Dominique Foyer
Biography
Like many of today's famous painters who have found grace and beauty on the edges
of the small ports of Honfleur or Trouville, Dominique Foyer also discovered "things that are still there
more beautiful" as Monet confided to a friend.
With his painter's eyes, he explores, searches, feels; very quickly then his brush finds and retains
the water, captures its tremors, its shivers, its shadows that twitch and reveal long stems that
lean elegantly and frail above these liquid and wind-crumpled surfaces like a mirror.

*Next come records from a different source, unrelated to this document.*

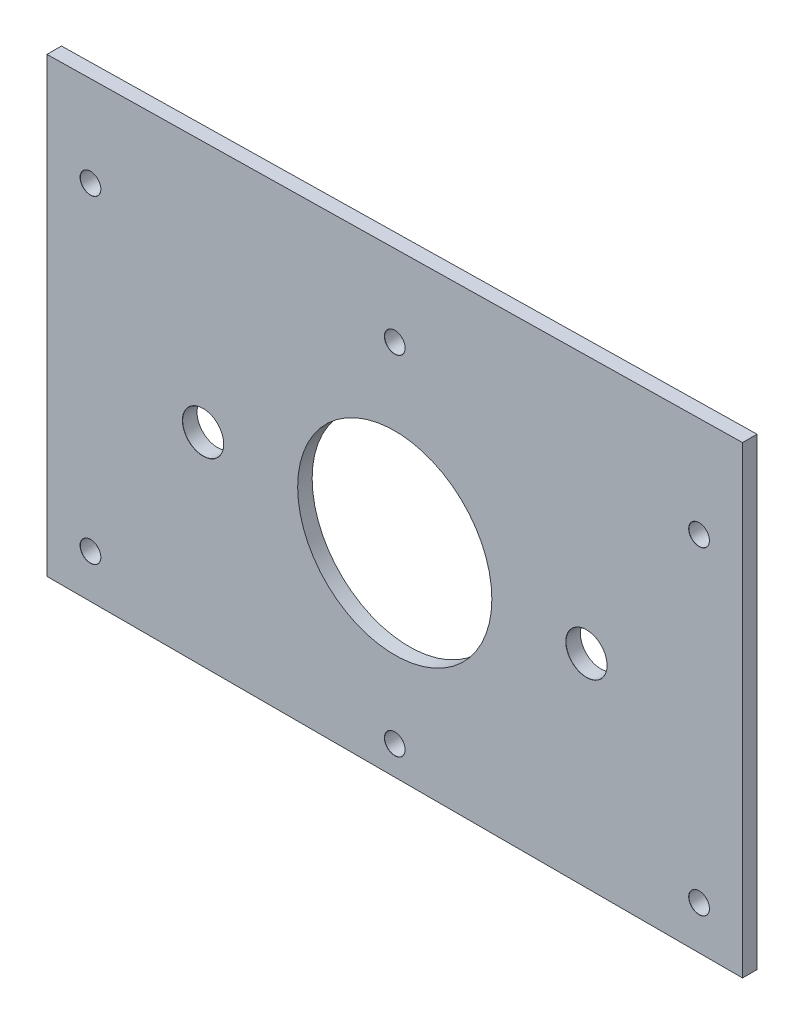
ISO-10303-21;
HEADER;
FILE_DESCRIPTION(('STEP AP214'),'2;1');
FILE_NAME('part.step','',(''),(''),'','','');
FILE_SCHEMA(('AUTOMOTIVE_DESIGN { 1 0 10303 214 1 1 1 1 }'));
ENDSEC;
DATA;
#1=APPLICATION_CONTEXT('core data for automotive mechanical design processes');
#2=APPLICATION_PROTOCOL_DEFINITION('international standard','automotive_design',2000,#1);
#3=PRODUCT_CONTEXT('',#1,'mechanical');
#4=PRODUCT('Part','Part','',(#3));
#5=PRODUCT_RELATED_PRODUCT_CATEGORY('part','',(#4));
#6=PRODUCT_DEFINITION_FORMATION('','',#4);
#7=PRODUCT_DEFINITION_CONTEXT('part definition',#1,'design');
#8=PRODUCT_DEFINITION('design','',#6,#7);
#9=PRODUCT_DEFINITION_SHAPE('','',#8);
#10=(LENGTH_UNIT() NAMED_UNIT(*) SI_UNIT(.MILLI.,.METRE.));
#11=(NAMED_UNIT(*) PLANE_ANGLE_UNIT() SI_UNIT($,.RADIAN.));
#12=(NAMED_UNIT(*) SI_UNIT($,.STERADIAN.) SOLID_ANGLE_UNIT());
#13=UNCERTAINTY_MEASURE_WITH_UNIT(LENGTH_MEASURE(1.E-05),#10,'distance_accuracy_value','');
#14=(GEOMETRIC_REPRESENTATION_CONTEXT(3) GLOBAL_UNCERTAINTY_ASSIGNED_CONTEXT((#13)) GLOBAL_UNIT_ASSIGNED_CONTEXT((#10,
#11,#12)) REPRESENTATION_CONTEXT('',''));
#15=CARTESIAN_POINT('',(0.,0.,0.));
#16=DIRECTION('',(0.,0.,1.));
#17=DIRECTION('',(1.,0.,0.));
#18=AXIS2_PLACEMENT_3D('',#15,#16,#17);
#19=CARTESIAN_POINT('',(76.2,44.45,3.175));
#20=DIRECTION('',(-1.,0.,0.));
#21=DIRECTION('',(0.,0.,1.));
#22=AXIS2_PLACEMENT_3D('',#19,#20,#21);
#23=PLANE('',#22);
#24=DIRECTION('',(0.,1.,0.));
#25=VECTOR('',#24,1.);
#26=CARTESIAN_POINT('',(76.2,44.45,0.));
#27=LINE('',#26,#25);
#28=CARTESIAN_POINT('',(76.2,-44.45,0.));
#29=VERTEX_POINT('',#28);
#30=CARTESIAN_POINT('',(76.2,57.15,0.));
#31=VERTEX_POINT('',#30);
#32=EDGE_CURVE('E74',#29,#31,#27,.T.);
#33=ORIENTED_EDGE('',*,*,#32,.T.);
#34=DIRECTION('',(0.,0.,-1.));
#35=VECTOR('',#34,1.);
#36=CARTESIAN_POINT('',(76.2,57.15,3.175));
#37=LINE('',#36,#35);
#38=CARTESIAN_POINT('',(76.2,57.15,3.175));
#39=VERTEX_POINT('',#38);
#40=EDGE_CURVE('E11',#39,#31,#37,.T.);
#41=ORIENTED_EDGE('',*,*,#40,.F.);
#42=DIRECTION('',(0.,1.,0.));
#43=VECTOR('',#42,1.);
#44=CARTESIAN_POINT('',(76.2,44.45,3.175));
#45=LINE('',#44,#43);
#46=CARTESIAN_POINT('',(76.2,-44.45,3.175));
#47=VERTEX_POINT('',#46);
#48=EDGE_CURVE('E79',#47,#39,#45,.T.);
#49=ORIENTED_EDGE('',*,*,#48,.F.);
#50=DIRECTION('',(0.,0.,-1.));
#51=VECTOR('',#50,1.);
#52=CARTESIAN_POINT('',(76.2,-44.45,3.175));
#53=LINE('',#52,#51);
#54=EDGE_CURVE('E95',#47,#29,#53,.T.);
#55=ORIENTED_EDGE('',*,*,#54,.T.);
#56=EDGE_LOOP('',(#33,#41,#49,#55));
#57=FACE_BOUND('',#56,.T.);
#58=ADVANCED_FACE('F35',(#57),#23,.F.);
#59=CARTESIAN_POINT('',(-76.2,54.61,3.175));
#60=DIRECTION('',(0.0166643523339933,-0.9998611400396,0.));
#61=DIRECTION('',(0.9998611400396,0.0166643523339933,0.));
#62=AXIS2_PLACEMENT_3D('',#59,#60,#61);
#63=PLANE('',#62);
#64=DIRECTION('',(-0.9998611400396,-0.0166643523339933,0.));
#65=VECTOR('',#64,1.);
#66=CARTESIAN_POINT('',(-76.2,54.61,0.));
#67=LINE('',#66,#65);
#68=CARTESIAN_POINT('',(-76.2,54.61,0.));
#69=VERTEX_POINT('',#68);
#70=EDGE_CURVE('E91',#31,#69,#67,.T.);
#71=ORIENTED_EDGE('',*,*,#70,.T.);
#72=DIRECTION('',(0.,0.,-1.));
#73=VECTOR('',#72,1.);
#74=CARTESIAN_POINT('',(-76.2,54.61,3.175));
#75=LINE('',#74,#73);
#76=CARTESIAN_POINT('',(-76.2,54.61,3.175));
#77=VERTEX_POINT('',#76);
#78=EDGE_CURVE('E43',#77,#69,#75,.T.);
#79=ORIENTED_EDGE('',*,*,#78,.F.);
#80=DIRECTION('',(-0.9998611400396,-0.0166643523339933,0.));
#81=VECTOR('',#80,1.);
#82=CARTESIAN_POINT('',(-76.2,54.61,3.175));
#83=LINE('',#82,#81);
#84=EDGE_CURVE('E82',#39,#77,#83,.T.);
#85=ORIENTED_EDGE('',*,*,#84,.F.);
#86=ORIENTED_EDGE('',*,*,#40,.T.);
#87=EDGE_LOOP('',(#71,#79,#85,#86));
#88=FACE_BOUND('',#87,.T.);
#89=ADVANCED_FACE('F90',(#88),#63,.F.);
#90=CARTESIAN_POINT('',(-76.2,44.45,3.175));
#91=DIRECTION('',(1.,0.,0.));
#92=DIRECTION('',(0.,0.,-1.));
#93=AXIS2_PLACEMENT_3D('',#90,#91,#92);
#94=PLANE('',#93);
#95=DIRECTION('',(0.,-1.,0.));
#96=VECTOR('',#95,1.);
#97=CARTESIAN_POINT('',(-76.2,44.45,0.));
#98=LINE('',#97,#96);
#99=CARTESIAN_POINT('',(-76.2,-44.45,0.));
#100=VERTEX_POINT('',#99);
#101=EDGE_CURVE('E67',#69,#100,#98,.T.);
#102=ORIENTED_EDGE('',*,*,#101,.T.);
#103=DIRECTION('',(0.,0.,-1.));
#104=VECTOR('',#103,1.);
#105=CARTESIAN_POINT('',(-76.2,-44.45,3.175));
#106=LINE('',#105,#104);
#107=CARTESIAN_POINT('',(-76.2,-44.45,3.175));
#108=VERTEX_POINT('',#107);
#109=EDGE_CURVE('E92',#108,#100,#106,.T.);
#110=ORIENTED_EDGE('',*,*,#109,.F.);
#111=DIRECTION('',(0.,-1.,0.));
#112=VECTOR('',#111,1.);
#113=CARTESIAN_POINT('',(-76.2,54.61,3.175));
#114=LINE('',#113,#112);
#115=EDGE_CURVE('E86',#77,#108,#114,.T.);
#116=ORIENTED_EDGE('',*,*,#115,.F.);
#117=ORIENTED_EDGE('',*,*,#78,.T.);
#118=EDGE_LOOP('',(#102,#110,#116,#117));
#119=FACE_BOUND('',#118,.T.);
#120=ADVANCED_FACE('F93',(#119),#94,.F.);
#121=CARTESIAN_POINT('',(-76.2,-44.45,3.175));
#122=DIRECTION('',(0.,1.,0.));
#123=DIRECTION('',(0.,0.,1.));
#124=AXIS2_PLACEMENT_3D('',#121,#122,#123);
#125=PLANE('',#124);
#126=DIRECTION('',(1.,0.,0.));
#127=VECTOR('',#126,1.);
#128=CARTESIAN_POINT('',(-76.2,-44.45,0.));
#129=LINE('',#128,#127);
#130=EDGE_CURVE('E103',#100,#29,#129,.T.);
#131=ORIENTED_EDGE('',*,*,#130,.T.);
#132=ORIENTED_EDGE('',*,*,#54,.F.);
#133=DIRECTION('',(1.,0.,0.));
#134=VECTOR('',#133,1.);
#135=CARTESIAN_POINT('',(-76.2,-44.45,3.175));
#136=LINE('',#135,#134);
#137=EDGE_CURVE('E51',#108,#47,#136,.T.);
#138=ORIENTED_EDGE('',*,*,#137,.F.);
#139=ORIENTED_EDGE('',*,*,#109,.T.);
#140=EDGE_LOOP('',(#131,#132,#138,#139));
#141=FACE_BOUND('',#140,.T.);
#142=ADVANCED_FACE('F108',(#141),#125,.F.);
#143=CARTESIAN_POINT('',(0.,0.,3.175));
#144=DIRECTION('',(0.,0.,1.));
#145=DIRECTION('',(1.,0.,0.));
#146=AXIS2_PLACEMENT_3D('',#143,#144,#145);
#147=PLANE('',#146);
#148=CARTESIAN_POINT('',(0.,0.,3.175));
#149=DIRECTION('',(0.,0.,1.));
#150=DIRECTION('',(1.,0.,0.));
#151=AXIS2_PLACEMENT_3D('',#148,#149,#150);
#152=CIRCLE('',#151,21.275);
#153=CARTESIAN_POINT('',(21.275,0.,3.175));
#154=VERTEX_POINT('',#153);
#155=EDGE_CURVE('E204',#154,#154,#152,.T.);
#156=ORIENTED_EDGE('',*,*,#155,.F.);
#157=EDGE_LOOP('',(#156));
#158=FACE_BOUND('',#157,.T.);
#159=CARTESIAN_POINT('',(-42.,0.,3.175));
#160=DIRECTION('',(0.,0.,1.));
#161=DIRECTION('',(1.,0.,0.));
#162=AXIS2_PLACEMENT_3D('',#159,#160,#161);
#163=CIRCLE('',#162,4.525);
#164=CARTESIAN_POINT('',(-37.475,0.,3.175));
#165=VERTEX_POINT('',#164);
#166=EDGE_CURVE('E200',#165,#165,#163,.T.);
#167=ORIENTED_EDGE('',*,*,#166,.F.);
#168=EDGE_LOOP('',(#167));
#169=FACE_BOUND('',#168,.T.);
#170=CARTESIAN_POINT('',(42.,0.,3.175));
#171=DIRECTION('',(0.,0.,1.));
#172=DIRECTION('',(1.,0.,0.));
#173=AXIS2_PLACEMENT_3D('',#170,#171,#172);
#174=CIRCLE('',#173,4.525);
#175=CARTESIAN_POINT('',(46.525,0.,3.175));
#176=VERTEX_POINT('',#175);
#177=EDGE_CURVE('E191',#176,#176,#174,.T.);
#178=ORIENTED_EDGE('',*,*,#177,.F.);
#179=EDGE_LOOP('',(#178));
#180=FACE_BOUND('',#179,.T.);
#181=CARTESIAN_POINT('',(-66.675,34.925,3.175));
#182=DIRECTION('',(0.,0.,1.));
#183=DIRECTION('',(1.,0.,0.));
#184=AXIS2_PLACEMENT_3D('',#181,#182,#183);
#185=CIRCLE('',#184,2.275);
#186=CARTESIAN_POINT('',(-64.4,34.925,3.175));
#187=VERTEX_POINT('',#186);
#188=EDGE_CURVE('E182',#187,#187,#185,.T.);
#189=ORIENTED_EDGE('',*,*,#188,.F.);
#190=EDGE_LOOP('',(#189));
#191=FACE_BOUND('',#190,.T.);
#192=CARTESIAN_POINT('',(-66.675,-34.925,3.175));
#193=DIRECTION('',(0.,0.,1.));
#194=DIRECTION('',(1.,0.,0.));
#195=AXIS2_PLACEMENT_3D('',#192,#193,#194);
#196=CIRCLE('',#195,2.275);
#197=CARTESIAN_POINT('',(-64.4,-34.925,3.175));
#198=VERTEX_POINT('',#197);
#199=EDGE_CURVE('E173',#198,#198,#196,.T.);
#200=ORIENTED_EDGE('',*,*,#199,.F.);
#201=EDGE_LOOP('',(#200));
#202=FACE_BOUND('',#201,.T.);
#203=CARTESIAN_POINT('',(0.,-38.1,3.175));
#204=DIRECTION('',(0.,0.,1.));
#205=DIRECTION('',(1.,0.,0.));
#206=AXIS2_PLACEMENT_3D('',#203,#204,#205);
#207=CIRCLE('',#206,2.275);
#208=CARTESIAN_POINT('',(2.27500000000003,-38.1,3.175));
#209=VERTEX_POINT('',#208);
#210=EDGE_CURVE('E164',#209,#209,#207,.T.);
#211=ORIENTED_EDGE('',*,*,#210,.F.);
#212=EDGE_LOOP('',(#211));
#213=FACE_BOUND('',#212,.T.);
#214=CARTESIAN_POINT('',(66.675,-34.925,3.175));
#215=DIRECTION('',(0.,0.,1.));
#216=DIRECTION('',(1.,0.,0.));
#217=AXIS2_PLACEMENT_3D('',#214,#215,#216);
#218=CIRCLE('',#217,2.275);
#219=CARTESIAN_POINT('',(68.95,-34.925,3.175));
#220=VERTEX_POINT('',#219);
#221=EDGE_CURVE('E155',#220,#220,#218,.T.);
#222=ORIENTED_EDGE('',*,*,#221,.F.);
#223=EDGE_LOOP('',(#222));
#224=FACE_BOUND('',#223,.T.);
#225=CARTESIAN_POINT('',(66.675,34.925,3.175));
#226=DIRECTION('',(0.,0.,1.));
#227=DIRECTION('',(1.,0.,0.));
#228=AXIS2_PLACEMENT_3D('',#225,#226,#227);
#229=CIRCLE('',#228,2.275);
#230=CARTESIAN_POINT('',(68.95,34.925,3.175));
#231=VERTEX_POINT('',#230);
#232=EDGE_CURVE('E146',#231,#231,#229,.T.);
#233=ORIENTED_EDGE('',*,*,#232,.F.);
#234=EDGE_LOOP('',(#233));
#235=FACE_BOUND('',#234,.T.);
#236=CARTESIAN_POINT('',(0.,38.1,3.175));
#237=DIRECTION('',(0.,0.,1.));
#238=DIRECTION('',(1.,0.,0.));
#239=AXIS2_PLACEMENT_3D('',#236,#237,#238);
#240=CIRCLE('',#239,2.275);
#241=CARTESIAN_POINT('',(2.27500000000003,38.1,3.175));
#242=VERTEX_POINT('',#241);
#243=EDGE_CURVE('E137',#242,#242,#240,.T.);
#244=ORIENTED_EDGE('',*,*,#243,.F.);
#245=EDGE_LOOP('',(#244));
#246=FACE_BOUND('',#245,.T.);
#247=ORIENTED_EDGE('',*,*,#48,.T.);
#248=ORIENTED_EDGE('',*,*,#84,.T.);
#249=ORIENTED_EDGE('',*,*,#115,.T.);
#250=ORIENTED_EDGE('',*,*,#137,.T.);
#251=EDGE_LOOP('',(#247,#248,#249,#250));
#252=FACE_BOUND('',#251,.T.);
#253=ADVANCED_FACE('F84',(#158,#169,#180,#191,#202,#213,#224,#235,#246,#252),#147,.T.);
#254=CARTESIAN_POINT('',(0.,0.,0.));
#255=DIRECTION('',(0.,0.,1.));
#256=DIRECTION('',(1.,0.,0.));
#257=AXIS2_PLACEMENT_3D('',#254,#255,#256);
#258=PLANE('',#257);
#259=CARTESIAN_POINT('',(0.,0.,0.));
#260=DIRECTION('',(0.,0.,1.));
#261=DIRECTION('',(1.,0.,0.));
#262=AXIS2_PLACEMENT_3D('',#259,#260,#261);
#263=CIRCLE('',#262,21.275);
#264=CARTESIAN_POINT('',(21.275,0.,0.));
#265=VERTEX_POINT('',#264);
#266=EDGE_CURVE('E203',#265,#265,#263,.T.);
#267=ORIENTED_EDGE('',*,*,#266,.T.);
#268=EDGE_LOOP('',(#267));
#269=FACE_BOUND('',#268,.T.);
#270=CARTESIAN_POINT('',(-42.,0.,0.));
#271=DIRECTION('',(0.,0.,1.));
#272=DIRECTION('',(1.,0.,0.));
#273=AXIS2_PLACEMENT_3D('',#270,#271,#272);
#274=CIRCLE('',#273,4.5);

Untiring, the painter sinks into the marsh, everything vibrates, the light, brief flashes of thunderstorms, gradations, black hatches bite on grey almost bushy, washed, which invade the eyes, the load of clouds
is threatening and dark, massed like an army.
Suddenly, the sky and the earth are reversed, nature is overhead, ink and water push a
the harsh world and you can almost hear the whispering of the mud that is swarming with an ignored life. Everything is troubled, the constant and wearisome work of water against the soil gulping down the ground precipitates us into a kind of landslide of crashes, at night, of drifting blue. In a corner, a silence, the risk of a white of a hesitant pallor, quickly won by this grey, a little dreamy of ink and water, which are a unique soul, a link with the impalpable, the unspeakable.
From this immersion, we return with the regret of not having seen everything, because the painter is singular and his sharing is discreet. "The world is too beautiful," Renoir grumbled. For Dominique Foyer, the white of the paper, earth and sky, ink and water are the real world, a word that is dear to him.